Dla poety Jerzego Jarniewicza maska jest słowem, nawet więcej – każde słowo jest maską. Fascynuje go, ponieważ jednocześnie zasłania i odkrywa.
- To tak jak u greckich aktorów: maska przykrywała prawdziwą twarz po to, aby uwydatnić to, co normalnie może być niedostrzegalne dla oka obserwatora, czyli uczucia – tłumaczy Jarniewicz.

Najprostszą maską będzie według Jarniewicza makijaż. Tak z resztą zatytułować swój ostatni tomik wierszy. Wierszy, jak sam twierdzi, o miłości.
- Ponieważ język miłości jest makijażowy – tłumaczy poeta. Każde ujęcie tego uczucia w słowa jest malowaniem twarzy. A z drugiej strony miłość często jest postrzegana jako coś grzesznego, co trzeba przykryć właśnie maską, makijażem.

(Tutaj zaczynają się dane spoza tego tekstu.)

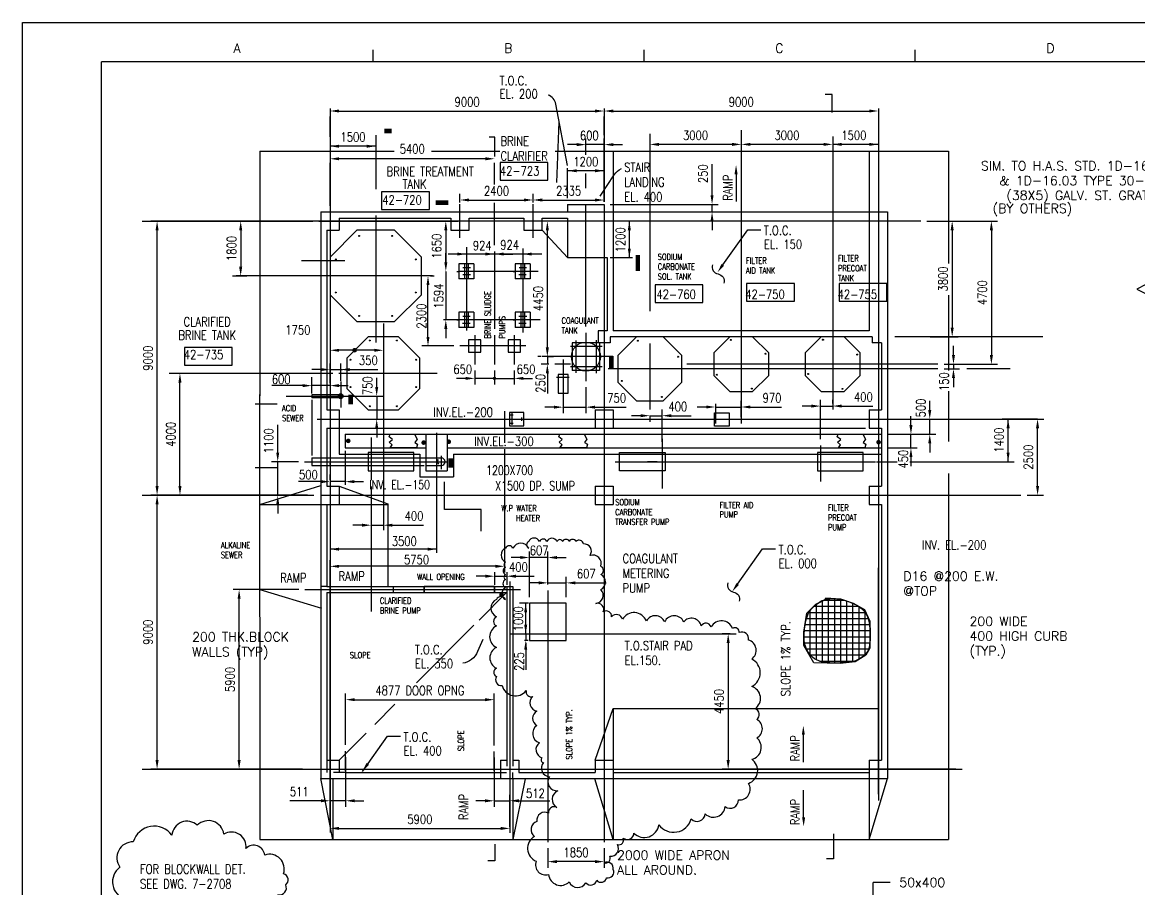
# Model space of a CAD drawing. Extents: x 0 to 84100, y 0 to 59400.
# Drawn here: x 0 to 36677, y 30921 to 59400 of the extents above; entities that cross this region are included whole.
import ezdxf
from ezdxf.enums import TextEntityAlignment as Align

# ---------------------------------------------------------------- set-up
doc = ezdxf.new("R2010")
doc.units = 0
doc.header["$LTSCALE"] = 2500
doc.linetypes.add('CENTER2', pattern=[0])
doc.linetypes.add('HIDDEN', pattern=[0])
for name, color, linetype in [('BORDER', 7, 'CONTINUOUS'), ('CLINE', 7, 'CENTER2'), ('CONC', 1, 'CONTINUOUS'), ('CUTLINE', 7, 'CONTINUOUS'), ('DIM', 6, 'CONTINUOUS'), ('EQUIPMENT', 2, 'CONTINUOUS'), ('HATCH', 7, 'CONTINUOUS'), ('REBAR', 2, 'CONTINUOUS'), ('TEXT', 7, 'CONTINUOUS'), ('TEXTM', 1, 'CONTINUOUS')]:
    doc.layers.add(name, color=color, linetype=linetype)
doc.styles.get("Standard").update_dxf_attribs({"font": 'romans', "width": 0.8})

msp = doc.modelspace()

# ---------------------------------------------------------------- linework, layer by layer
at = {"layer": 'BORDER', "color": 0}
for p, q in [((11500, 58500), (11500, 58100)), ((20400, 58500), (20400, 58100)), ((29300, 58500), (29300, 58100)), ((2600, 1300), (2600, 58100)), ((82800, 58100), (2600, 58100))]:
    msp.add_line(p, q, dxfattribs=at)
at = {"layer": 'CLINE', "color": 0}
for p, q in [((10100, 56573), (10100, 32797)), ((19100, 56573), (19100, 53506)), ((28100, 56573), (28100, 33853)), ((11600, 55695), (11600, 53919)), ((19100, 53504), (19100, 55585)), ((20600, 55649), (20600, 49913)), ((23600, 55649), (23600, 46230)), ((26600, 55649), (26600, 46688)), ((14365, 52323), (14365, 53429)), ((16765, 52323), (16765, 53429)), ((29494, 52873), (4223, 52873)), ((11600, 53061), (11600, 48888)), ((19100, 53173), (19100, 32481)), ((14576, 52015), (14576, 49286)), ((16424, 51970), (16424, 49218)), ((14826, 51473), (14326, 51473)), ((14326, 51473), (14326, 50973)), ((14512, 51473), (14512, 50973)), ((14640, 51473), (14640, 50973)), ((14826, 51473), (14826, 50973)), ((16174, 51473), (16174, 50973)), ((16674, 51473), (16174, 51473)), ((16360, 51473), (16360, 50973)), ((16488, 51473), (16488, 50973)), ((16674, 51473), (16674, 50973)), ((13468, 51073), (8811, 51073)), ((16929, 51223), (14326, 51223)), ((14707, 51337), (14455, 51337)), ((14707, 51109), (14455, 51109)), ((16541, 51109), (16297, 51109)), ((16549, 51337), (16305, 51337)), ((14826, 50973), (14326, 50973)), ((16674, 50973), (16174, 50973)), ((16997, 49629), (13827, 49629)), ((14326, 49879), (14326, 49379)), ((14826, 49879), (14326, 49879)), ((14703, 49515), (14451, 49515)), ((14703, 49743), (14455, 49743)), ((14512, 49879), (14512, 49379)), ((14640, 49879), (14640, 49379)), ((14826, 49879), (14826, 49379)), ((16174, 49879), (16174, 49379)), ((16674, 49879), (16174, 49879)), ((16541, 49515), (16293, 49515)), ((16557, 49743), (16301, 49743)), ((16360, 49879), (16360, 49379)), ((16488, 49879), (16488, 49379)), ((16674, 49879), (16674, 49379)), ((11850, 49513), (11850, 42726)), ((14826, 49379), (14326, 49379)), ((16674, 49379), (16174, 49379)), ((18500, 49209), (18500, 47616)), ((14850, 49131), (14850, 48163)), ((16150, 49131), (16150, 48163)), ((18164, 48951), (18164, 47894)), ((18836, 48967), (18836, 47879)), ((20600, 48854), (20600, 46688)), ((33496, 49073), (28643, 49073)), ((16533, 48773), (14366, 48773)), ((19387, 48423), (17053, 48423)), ((19034, 48759), (17992, 48759)), ((17999, 48173), (17483, 48173)), ((17750, 48329), (17750, 46882)), ((19030, 48087), (17992, 48087)), ((30055, 48173), (21815, 48173)), ((13613, 47873), (10390, 47873)), ((17952, 47738), (17530, 47738)), ((30055, 48023), (19226, 48023)), ((10450, 47612), (10450, 46749)), ((8663, 47123), (10595, 47123)), ((9500, 47173), (9500, 47073)), ((15825, 46634), (15825, 45588)), ((22752, 46868), (22752, 46230)), ((9680, 46373), (33527, 46373)), ((15850, 46373), (16734, 46373)), ((16013, 46233), (16115, 46233)), ((16017, 46513), (16113, 46513)), ((16070, 46562), (16070, 46179)), ((16383, 46428), (16383, 46312)), ((13600, 45925), (13600, 41979)), ((11450, 45764), (11450, 44363)), ((21000, 45720), (21000, 44095)), ((26200, 45509), (26200, 44323)), ((13750, 45166), (13750, 44726)), ((9262, 44973), (13950, 44973)), ((9500, 45098), (9500, 44848)), ((11606, 44973), (11925, 44973)), ((19455, 44973), (28006, 44973)), ((20844, 44973), (20525, 44973)), ((26356, 44973), (26675, 44973)), ((9366, 43873), (4223, 43873)), ((9366, 43873), (7874, 43873)), ((9800, 43873), (32780, 43873)), ((9277, 40773), (16349, 40773)), ((16000, 41042), (16000, 32785)), ((17250, 40741), (17250, 32481)), ((16015, 39323), (23430, 39323)), ((3936, 34873), (30846, 34873)), ((9191, 34873), (4223, 34873))]:
    msp.add_line(p, q, dxfattribs=at)
for centre, radius in [((18500, 48423), 475), ((16070, 46513), 9), ((16070, 46233), 9), ((16383, 46373), 9)]:
    msp.add_circle(centre, radius, dxfattribs=at)
at = {"layer": 'CONC', "color": 0}
for p, q in [((7800, 55173), (12204, 55173)), ((7800, 55173), (7800, 47134)), ((13428, 55173), (15670, 55173)), ((17493, 55173), (30400, 55173)), ((19400, 55173), (19400, 49273)), ((19400, 55173), (27800, 55173)), ((27800, 55173), (27800, 49273)), ((30400, 55173), (30400, 51484)), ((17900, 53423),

Zrzuciliśmy ubrania i zaczęliśmy się kochać tak gwałtownie, że zadrżały mury Banku Centralnego

Miłość z wierszy Jarniewicza pełna jest namiętności jednak przybrana w język charakterystyczny dla giełdowych komunikatów, wiadomości przekazywanych przez mass media. Jarniewicz świadomie gra konwencjami słownymi .

połykam cię jak anarchista, że w gruzach legły gotyckie katedry Carrefouru i Tesco

Czy w Polsce nie ma miejsca dla superbohatera?

Zupełnie inaczej będziemy patrzeć na maskę z komiksowego punktu widzenia. Chociaż tak stary jak kino komiks uważany jest za tę część kultury, o której nie warto mówić, jednotematycznie – chociaż komiks podzielony jest na wiele gatunków i odmian. W czasie dyskusji o masce na szczęście nie mogło go zabraknąć.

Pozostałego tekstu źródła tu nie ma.